To standardize the feature data, this code creates an object scaler called StandardScaler. To standardize the data, the fit_transform() method applies to the training set (X_train) and computes the mean and standard deviation of each feature. Then, using the transform() method, the identical transformation is applied to the test set (X_test), ensuring that both sets are uniformed based on the statistics from the training set. For many machine learning algorithms to work well, features must have sizes that are similar, hence this standardization procedure is crucial.

Model Development

Python3




# Creating (MLP) classifier
clf = MLPClassifier(hidden_layer_sizes=(64, 32), max_iter=1000,
                    random_state=42)


The MLPClassifier class from scikit-learn is used in this code to generate an instance of the Multi-Layer Perceptron (MLP) classifier. The neural network’s architecture is specified by the hidden_layer_sizes argument, which is set to a tuple (64, 32), which indicates that there are two hidden layers, each with 64 and 32 neurons. The solver’s maximum number of iterations is indicated by the max_iter parameter, which is set to 1000. For repeatability, random_state is set to 42.

Training the model and Prediction

Python3




# Training the model
clf.fit(X_train, y_train)
# Making prediction
y_pred = clf.predict(X_test) 


This code uses the fit method to train an MLP classifier (clf) utilizing standardized training data (X_train) and labels (y_train).
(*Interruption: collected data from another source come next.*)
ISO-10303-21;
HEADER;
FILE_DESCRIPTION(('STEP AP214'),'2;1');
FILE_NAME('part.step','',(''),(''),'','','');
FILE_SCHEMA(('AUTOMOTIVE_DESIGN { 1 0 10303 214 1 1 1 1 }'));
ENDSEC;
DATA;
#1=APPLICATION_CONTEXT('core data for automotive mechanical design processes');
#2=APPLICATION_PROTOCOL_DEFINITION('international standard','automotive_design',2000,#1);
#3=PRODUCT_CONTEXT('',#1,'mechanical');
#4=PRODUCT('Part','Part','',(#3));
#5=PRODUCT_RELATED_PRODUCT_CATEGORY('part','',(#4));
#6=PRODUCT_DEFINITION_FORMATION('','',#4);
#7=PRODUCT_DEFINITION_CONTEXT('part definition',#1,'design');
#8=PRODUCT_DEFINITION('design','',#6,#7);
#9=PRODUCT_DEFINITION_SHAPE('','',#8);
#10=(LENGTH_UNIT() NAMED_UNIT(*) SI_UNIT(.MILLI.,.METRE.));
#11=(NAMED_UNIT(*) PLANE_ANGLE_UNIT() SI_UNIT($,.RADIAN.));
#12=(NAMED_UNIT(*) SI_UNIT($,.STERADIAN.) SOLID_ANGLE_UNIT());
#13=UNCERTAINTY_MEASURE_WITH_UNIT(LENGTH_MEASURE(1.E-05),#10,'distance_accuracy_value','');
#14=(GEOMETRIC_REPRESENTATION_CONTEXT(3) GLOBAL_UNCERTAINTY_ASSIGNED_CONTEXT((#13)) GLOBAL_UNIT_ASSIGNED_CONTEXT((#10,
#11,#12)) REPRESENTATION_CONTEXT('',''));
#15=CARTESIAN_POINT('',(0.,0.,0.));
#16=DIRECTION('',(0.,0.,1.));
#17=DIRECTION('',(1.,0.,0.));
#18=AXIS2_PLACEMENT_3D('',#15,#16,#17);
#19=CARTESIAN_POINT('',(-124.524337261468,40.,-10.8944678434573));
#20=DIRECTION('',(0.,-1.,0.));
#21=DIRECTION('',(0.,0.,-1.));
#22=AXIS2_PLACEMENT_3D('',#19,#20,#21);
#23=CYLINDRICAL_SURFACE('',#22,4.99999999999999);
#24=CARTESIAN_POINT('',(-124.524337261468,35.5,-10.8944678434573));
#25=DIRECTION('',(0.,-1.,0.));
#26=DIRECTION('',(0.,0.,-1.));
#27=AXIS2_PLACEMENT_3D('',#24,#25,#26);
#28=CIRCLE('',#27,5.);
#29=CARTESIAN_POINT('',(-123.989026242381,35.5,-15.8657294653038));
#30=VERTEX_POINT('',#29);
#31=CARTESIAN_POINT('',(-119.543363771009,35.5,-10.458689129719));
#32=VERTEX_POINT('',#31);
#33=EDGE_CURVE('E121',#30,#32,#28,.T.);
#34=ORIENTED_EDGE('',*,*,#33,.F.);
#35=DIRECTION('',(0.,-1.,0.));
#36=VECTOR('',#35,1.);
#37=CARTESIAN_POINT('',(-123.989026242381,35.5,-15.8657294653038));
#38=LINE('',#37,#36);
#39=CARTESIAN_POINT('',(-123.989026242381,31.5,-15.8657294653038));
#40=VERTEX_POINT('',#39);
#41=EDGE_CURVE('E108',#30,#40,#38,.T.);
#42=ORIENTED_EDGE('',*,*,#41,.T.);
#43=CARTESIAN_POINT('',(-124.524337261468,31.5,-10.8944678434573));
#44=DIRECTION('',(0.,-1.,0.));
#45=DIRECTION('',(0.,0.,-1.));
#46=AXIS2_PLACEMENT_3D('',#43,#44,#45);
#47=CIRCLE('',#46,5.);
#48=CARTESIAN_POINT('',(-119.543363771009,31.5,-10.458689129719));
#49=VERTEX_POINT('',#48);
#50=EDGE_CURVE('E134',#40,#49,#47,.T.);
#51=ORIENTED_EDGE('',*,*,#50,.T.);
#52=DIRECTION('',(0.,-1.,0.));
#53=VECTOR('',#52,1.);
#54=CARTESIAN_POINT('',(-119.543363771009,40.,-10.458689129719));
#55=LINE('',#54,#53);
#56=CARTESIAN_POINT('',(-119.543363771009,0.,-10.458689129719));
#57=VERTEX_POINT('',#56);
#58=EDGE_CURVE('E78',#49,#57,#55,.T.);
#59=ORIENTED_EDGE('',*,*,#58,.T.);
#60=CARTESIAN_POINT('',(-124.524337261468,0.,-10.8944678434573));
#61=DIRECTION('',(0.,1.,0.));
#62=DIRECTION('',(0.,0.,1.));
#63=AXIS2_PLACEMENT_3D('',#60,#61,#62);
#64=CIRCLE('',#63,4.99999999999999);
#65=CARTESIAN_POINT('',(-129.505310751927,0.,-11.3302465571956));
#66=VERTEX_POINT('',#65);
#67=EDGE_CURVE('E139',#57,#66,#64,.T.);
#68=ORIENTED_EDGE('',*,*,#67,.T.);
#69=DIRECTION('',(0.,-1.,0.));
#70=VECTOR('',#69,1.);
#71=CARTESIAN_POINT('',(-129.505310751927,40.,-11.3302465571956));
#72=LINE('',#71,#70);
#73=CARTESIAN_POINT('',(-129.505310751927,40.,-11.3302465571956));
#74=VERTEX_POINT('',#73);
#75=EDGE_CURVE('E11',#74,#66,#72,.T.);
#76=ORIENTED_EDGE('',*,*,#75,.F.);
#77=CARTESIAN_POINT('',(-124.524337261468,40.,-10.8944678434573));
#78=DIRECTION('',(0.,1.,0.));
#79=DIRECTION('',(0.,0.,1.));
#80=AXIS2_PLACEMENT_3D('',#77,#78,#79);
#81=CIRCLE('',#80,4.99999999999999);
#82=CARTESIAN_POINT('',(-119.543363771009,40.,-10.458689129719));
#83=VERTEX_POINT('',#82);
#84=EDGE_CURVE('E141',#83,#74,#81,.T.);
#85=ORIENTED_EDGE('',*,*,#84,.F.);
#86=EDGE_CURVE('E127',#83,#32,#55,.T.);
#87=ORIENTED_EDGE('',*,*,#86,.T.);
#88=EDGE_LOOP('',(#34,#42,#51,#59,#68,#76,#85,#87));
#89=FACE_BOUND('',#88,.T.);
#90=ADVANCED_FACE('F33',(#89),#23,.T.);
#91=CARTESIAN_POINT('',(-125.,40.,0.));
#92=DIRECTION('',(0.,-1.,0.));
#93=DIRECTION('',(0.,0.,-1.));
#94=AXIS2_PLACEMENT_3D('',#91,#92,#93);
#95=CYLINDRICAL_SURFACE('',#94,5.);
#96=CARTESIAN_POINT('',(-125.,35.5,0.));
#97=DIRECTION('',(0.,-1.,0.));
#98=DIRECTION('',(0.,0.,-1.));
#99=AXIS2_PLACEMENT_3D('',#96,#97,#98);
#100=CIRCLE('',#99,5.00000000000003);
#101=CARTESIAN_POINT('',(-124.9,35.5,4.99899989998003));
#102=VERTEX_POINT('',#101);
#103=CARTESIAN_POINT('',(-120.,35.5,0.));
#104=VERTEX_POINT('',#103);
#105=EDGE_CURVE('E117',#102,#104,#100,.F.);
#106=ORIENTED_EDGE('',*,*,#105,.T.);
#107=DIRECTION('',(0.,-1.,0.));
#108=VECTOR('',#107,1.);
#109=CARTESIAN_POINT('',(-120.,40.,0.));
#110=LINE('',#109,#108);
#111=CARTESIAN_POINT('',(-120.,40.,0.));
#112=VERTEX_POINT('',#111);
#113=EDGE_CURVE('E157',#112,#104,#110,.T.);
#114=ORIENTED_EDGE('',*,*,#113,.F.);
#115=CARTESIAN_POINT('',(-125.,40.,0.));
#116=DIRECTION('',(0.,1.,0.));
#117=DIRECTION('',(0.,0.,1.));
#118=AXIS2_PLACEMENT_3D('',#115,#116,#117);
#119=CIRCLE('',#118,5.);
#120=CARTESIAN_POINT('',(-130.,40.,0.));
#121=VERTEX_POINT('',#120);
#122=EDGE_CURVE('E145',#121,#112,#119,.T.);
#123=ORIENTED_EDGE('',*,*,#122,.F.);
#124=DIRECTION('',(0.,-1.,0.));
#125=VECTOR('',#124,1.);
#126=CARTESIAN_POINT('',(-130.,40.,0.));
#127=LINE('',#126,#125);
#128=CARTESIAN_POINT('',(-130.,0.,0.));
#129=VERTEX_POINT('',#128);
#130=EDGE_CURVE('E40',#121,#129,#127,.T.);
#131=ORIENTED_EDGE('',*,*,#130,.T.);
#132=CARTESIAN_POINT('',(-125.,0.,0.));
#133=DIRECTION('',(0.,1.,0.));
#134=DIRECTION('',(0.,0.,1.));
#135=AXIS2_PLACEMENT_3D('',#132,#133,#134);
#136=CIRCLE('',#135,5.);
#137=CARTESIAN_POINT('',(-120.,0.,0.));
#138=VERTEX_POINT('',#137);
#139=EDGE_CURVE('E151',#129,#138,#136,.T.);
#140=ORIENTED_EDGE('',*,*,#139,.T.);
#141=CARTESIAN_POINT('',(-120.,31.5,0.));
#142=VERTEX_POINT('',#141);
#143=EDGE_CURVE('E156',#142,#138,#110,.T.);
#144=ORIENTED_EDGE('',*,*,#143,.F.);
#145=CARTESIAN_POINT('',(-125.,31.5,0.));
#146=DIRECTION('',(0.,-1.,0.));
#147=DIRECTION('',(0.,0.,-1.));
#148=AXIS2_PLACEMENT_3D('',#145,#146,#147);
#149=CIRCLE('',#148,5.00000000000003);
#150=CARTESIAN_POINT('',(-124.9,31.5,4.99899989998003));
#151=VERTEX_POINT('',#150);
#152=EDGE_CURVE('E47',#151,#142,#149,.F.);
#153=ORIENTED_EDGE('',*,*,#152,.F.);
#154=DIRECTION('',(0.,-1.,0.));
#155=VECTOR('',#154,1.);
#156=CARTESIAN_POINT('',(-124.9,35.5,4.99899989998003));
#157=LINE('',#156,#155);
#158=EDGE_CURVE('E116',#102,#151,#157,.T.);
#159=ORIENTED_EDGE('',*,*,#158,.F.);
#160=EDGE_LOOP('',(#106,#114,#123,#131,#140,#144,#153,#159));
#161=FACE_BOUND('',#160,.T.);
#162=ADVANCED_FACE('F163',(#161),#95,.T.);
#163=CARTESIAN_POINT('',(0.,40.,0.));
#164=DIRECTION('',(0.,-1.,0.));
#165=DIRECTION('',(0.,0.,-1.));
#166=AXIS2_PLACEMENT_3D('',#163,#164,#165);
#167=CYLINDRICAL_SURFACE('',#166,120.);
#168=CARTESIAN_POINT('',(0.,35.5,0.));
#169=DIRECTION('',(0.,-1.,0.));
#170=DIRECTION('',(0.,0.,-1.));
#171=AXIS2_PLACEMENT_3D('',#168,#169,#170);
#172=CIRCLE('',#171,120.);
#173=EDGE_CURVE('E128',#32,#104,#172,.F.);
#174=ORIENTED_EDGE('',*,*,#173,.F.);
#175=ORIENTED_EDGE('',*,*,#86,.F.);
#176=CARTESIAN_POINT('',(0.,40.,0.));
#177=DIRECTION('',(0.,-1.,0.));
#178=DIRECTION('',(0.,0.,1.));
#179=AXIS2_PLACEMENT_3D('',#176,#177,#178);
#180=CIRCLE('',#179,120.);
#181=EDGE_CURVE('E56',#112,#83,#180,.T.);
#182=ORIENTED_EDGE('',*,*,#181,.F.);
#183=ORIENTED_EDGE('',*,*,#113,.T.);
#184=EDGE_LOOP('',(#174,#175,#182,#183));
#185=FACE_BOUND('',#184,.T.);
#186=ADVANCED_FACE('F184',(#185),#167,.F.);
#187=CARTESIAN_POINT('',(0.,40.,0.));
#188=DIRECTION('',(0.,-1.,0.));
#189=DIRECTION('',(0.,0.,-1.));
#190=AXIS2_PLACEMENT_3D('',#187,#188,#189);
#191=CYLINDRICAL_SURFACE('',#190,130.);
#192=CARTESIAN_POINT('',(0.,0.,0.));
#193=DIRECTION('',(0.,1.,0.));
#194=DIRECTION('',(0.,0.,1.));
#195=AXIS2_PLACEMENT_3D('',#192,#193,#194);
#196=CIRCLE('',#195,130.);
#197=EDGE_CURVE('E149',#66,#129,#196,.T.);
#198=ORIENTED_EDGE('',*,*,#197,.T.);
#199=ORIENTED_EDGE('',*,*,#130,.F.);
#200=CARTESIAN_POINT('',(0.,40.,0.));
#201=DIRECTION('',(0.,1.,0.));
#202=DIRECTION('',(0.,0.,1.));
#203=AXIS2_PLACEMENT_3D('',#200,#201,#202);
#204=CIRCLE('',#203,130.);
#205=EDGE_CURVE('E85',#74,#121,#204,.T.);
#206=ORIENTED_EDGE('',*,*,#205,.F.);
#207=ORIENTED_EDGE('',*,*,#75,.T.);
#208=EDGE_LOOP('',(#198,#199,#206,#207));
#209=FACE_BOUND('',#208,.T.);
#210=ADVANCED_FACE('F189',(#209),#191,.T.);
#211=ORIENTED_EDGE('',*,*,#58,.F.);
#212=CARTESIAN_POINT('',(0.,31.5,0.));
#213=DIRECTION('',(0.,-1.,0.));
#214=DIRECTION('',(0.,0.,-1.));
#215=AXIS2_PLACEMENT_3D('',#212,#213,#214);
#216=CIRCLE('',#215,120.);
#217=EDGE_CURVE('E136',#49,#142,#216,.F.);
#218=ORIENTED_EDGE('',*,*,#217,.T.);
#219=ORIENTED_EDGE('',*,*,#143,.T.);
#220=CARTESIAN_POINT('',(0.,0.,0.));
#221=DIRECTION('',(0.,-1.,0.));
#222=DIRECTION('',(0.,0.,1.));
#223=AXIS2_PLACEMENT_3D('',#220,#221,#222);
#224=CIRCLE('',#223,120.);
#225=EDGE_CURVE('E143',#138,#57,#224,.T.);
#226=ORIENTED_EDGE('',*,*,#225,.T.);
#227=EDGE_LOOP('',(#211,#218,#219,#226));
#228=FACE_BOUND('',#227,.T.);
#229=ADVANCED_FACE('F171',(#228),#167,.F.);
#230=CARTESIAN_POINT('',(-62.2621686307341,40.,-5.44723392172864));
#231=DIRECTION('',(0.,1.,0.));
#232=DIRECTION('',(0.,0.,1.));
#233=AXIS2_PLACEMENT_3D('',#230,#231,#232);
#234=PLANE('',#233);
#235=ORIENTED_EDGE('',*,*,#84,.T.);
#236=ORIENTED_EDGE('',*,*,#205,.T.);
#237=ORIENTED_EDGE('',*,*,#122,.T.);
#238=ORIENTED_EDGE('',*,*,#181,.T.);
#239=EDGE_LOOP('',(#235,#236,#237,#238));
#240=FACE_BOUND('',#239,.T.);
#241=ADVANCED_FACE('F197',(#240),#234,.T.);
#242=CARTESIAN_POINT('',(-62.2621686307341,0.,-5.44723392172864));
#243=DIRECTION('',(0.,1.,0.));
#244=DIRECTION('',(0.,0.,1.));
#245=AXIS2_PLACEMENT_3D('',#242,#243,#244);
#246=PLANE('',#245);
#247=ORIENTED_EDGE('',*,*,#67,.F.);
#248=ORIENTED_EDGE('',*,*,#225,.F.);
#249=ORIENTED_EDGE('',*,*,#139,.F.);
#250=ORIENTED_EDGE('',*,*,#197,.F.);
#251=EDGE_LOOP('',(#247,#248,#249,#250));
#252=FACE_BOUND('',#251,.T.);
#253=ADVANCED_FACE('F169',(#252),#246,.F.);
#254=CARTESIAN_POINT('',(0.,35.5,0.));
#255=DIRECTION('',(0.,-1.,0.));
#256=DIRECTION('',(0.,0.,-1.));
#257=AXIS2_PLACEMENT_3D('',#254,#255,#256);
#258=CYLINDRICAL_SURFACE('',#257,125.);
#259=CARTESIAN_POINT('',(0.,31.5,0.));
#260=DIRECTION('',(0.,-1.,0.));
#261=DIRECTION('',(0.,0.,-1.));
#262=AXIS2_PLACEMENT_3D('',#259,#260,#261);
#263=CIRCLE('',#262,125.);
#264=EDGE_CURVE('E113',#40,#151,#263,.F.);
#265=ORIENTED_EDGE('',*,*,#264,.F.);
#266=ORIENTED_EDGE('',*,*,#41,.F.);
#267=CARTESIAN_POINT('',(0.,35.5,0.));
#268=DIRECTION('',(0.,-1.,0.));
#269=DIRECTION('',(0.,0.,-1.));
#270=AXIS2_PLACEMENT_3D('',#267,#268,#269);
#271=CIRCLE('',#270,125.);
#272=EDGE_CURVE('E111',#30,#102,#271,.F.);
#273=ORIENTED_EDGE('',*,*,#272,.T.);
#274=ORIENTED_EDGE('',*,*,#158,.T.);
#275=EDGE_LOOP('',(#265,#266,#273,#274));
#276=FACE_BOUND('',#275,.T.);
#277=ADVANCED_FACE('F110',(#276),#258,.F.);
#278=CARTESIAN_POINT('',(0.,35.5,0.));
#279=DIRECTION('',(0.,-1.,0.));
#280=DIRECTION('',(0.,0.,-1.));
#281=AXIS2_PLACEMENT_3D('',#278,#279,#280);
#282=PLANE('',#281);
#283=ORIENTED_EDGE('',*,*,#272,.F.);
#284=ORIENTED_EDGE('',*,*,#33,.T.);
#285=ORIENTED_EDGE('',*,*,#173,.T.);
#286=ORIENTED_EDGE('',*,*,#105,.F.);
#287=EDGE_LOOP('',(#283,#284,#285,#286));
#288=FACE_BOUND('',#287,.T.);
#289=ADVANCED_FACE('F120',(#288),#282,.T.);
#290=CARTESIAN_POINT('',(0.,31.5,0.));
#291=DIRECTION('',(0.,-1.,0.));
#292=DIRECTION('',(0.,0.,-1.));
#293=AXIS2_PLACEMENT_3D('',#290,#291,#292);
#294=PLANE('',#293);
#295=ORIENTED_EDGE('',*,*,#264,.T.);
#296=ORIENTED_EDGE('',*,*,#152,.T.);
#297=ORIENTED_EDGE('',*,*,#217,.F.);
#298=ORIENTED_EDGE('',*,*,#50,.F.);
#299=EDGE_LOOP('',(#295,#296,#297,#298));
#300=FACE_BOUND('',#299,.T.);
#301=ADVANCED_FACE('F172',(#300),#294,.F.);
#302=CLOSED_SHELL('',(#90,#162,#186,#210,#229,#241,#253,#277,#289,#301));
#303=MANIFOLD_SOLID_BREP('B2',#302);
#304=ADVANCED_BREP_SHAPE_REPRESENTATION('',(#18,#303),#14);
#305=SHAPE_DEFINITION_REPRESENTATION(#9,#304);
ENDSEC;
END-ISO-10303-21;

Then, using the trained model, predictions are made on the test data (X_test), and the predicted labels are saved in the variable y_pred.

Evaluation of the model

Python3




# Determining Accuracy
accuracy = accuracy_score(y_test, y_pred)
print(f"Accuracy: {accuracy:.2f}")


Accuracy: 0.97

The scikit-learn accuracy_score function is used in this code to determine the precision of the MLP classifier’s predictions (y_pred) on the test data (y_test). The final accuracy value, which has two decimal places for reading, is then written to the console.

Conclusion

In conclusion, Scikit-Learn’s MLPClassifier was used to create the supervised neural network model, which is a potent tool for a variety of machine learning applications. This adaptable model provides flexibility in network architecture design and hyperparameter tuning, enabling it to accommodate varied dataset kinds and challenging challenges. Data loading and preprocessing are the first steps in the procedure, which also involve dividing the dataset into training and testing sets and standardizing characteristics to guarantee uniform scaling. Through parameters like hidden_layer_sizes, activation, solver, learning_rate, and max_iter, the MLPClassifier allows for customisation. The network’s capacity, training rate, and convergence behavior are affected by these parameters. Once the model has been trained, it can make predictions on fresh, unobserved data by fitting it to the training data. Its performance is evaluated using criteria like accuracy and F1-score. The supervised neural network model has successfully completed a number of classification tasks, and its versatility, along with meticulous parameter tuning, enables it to perform well in challenging, real-world situations.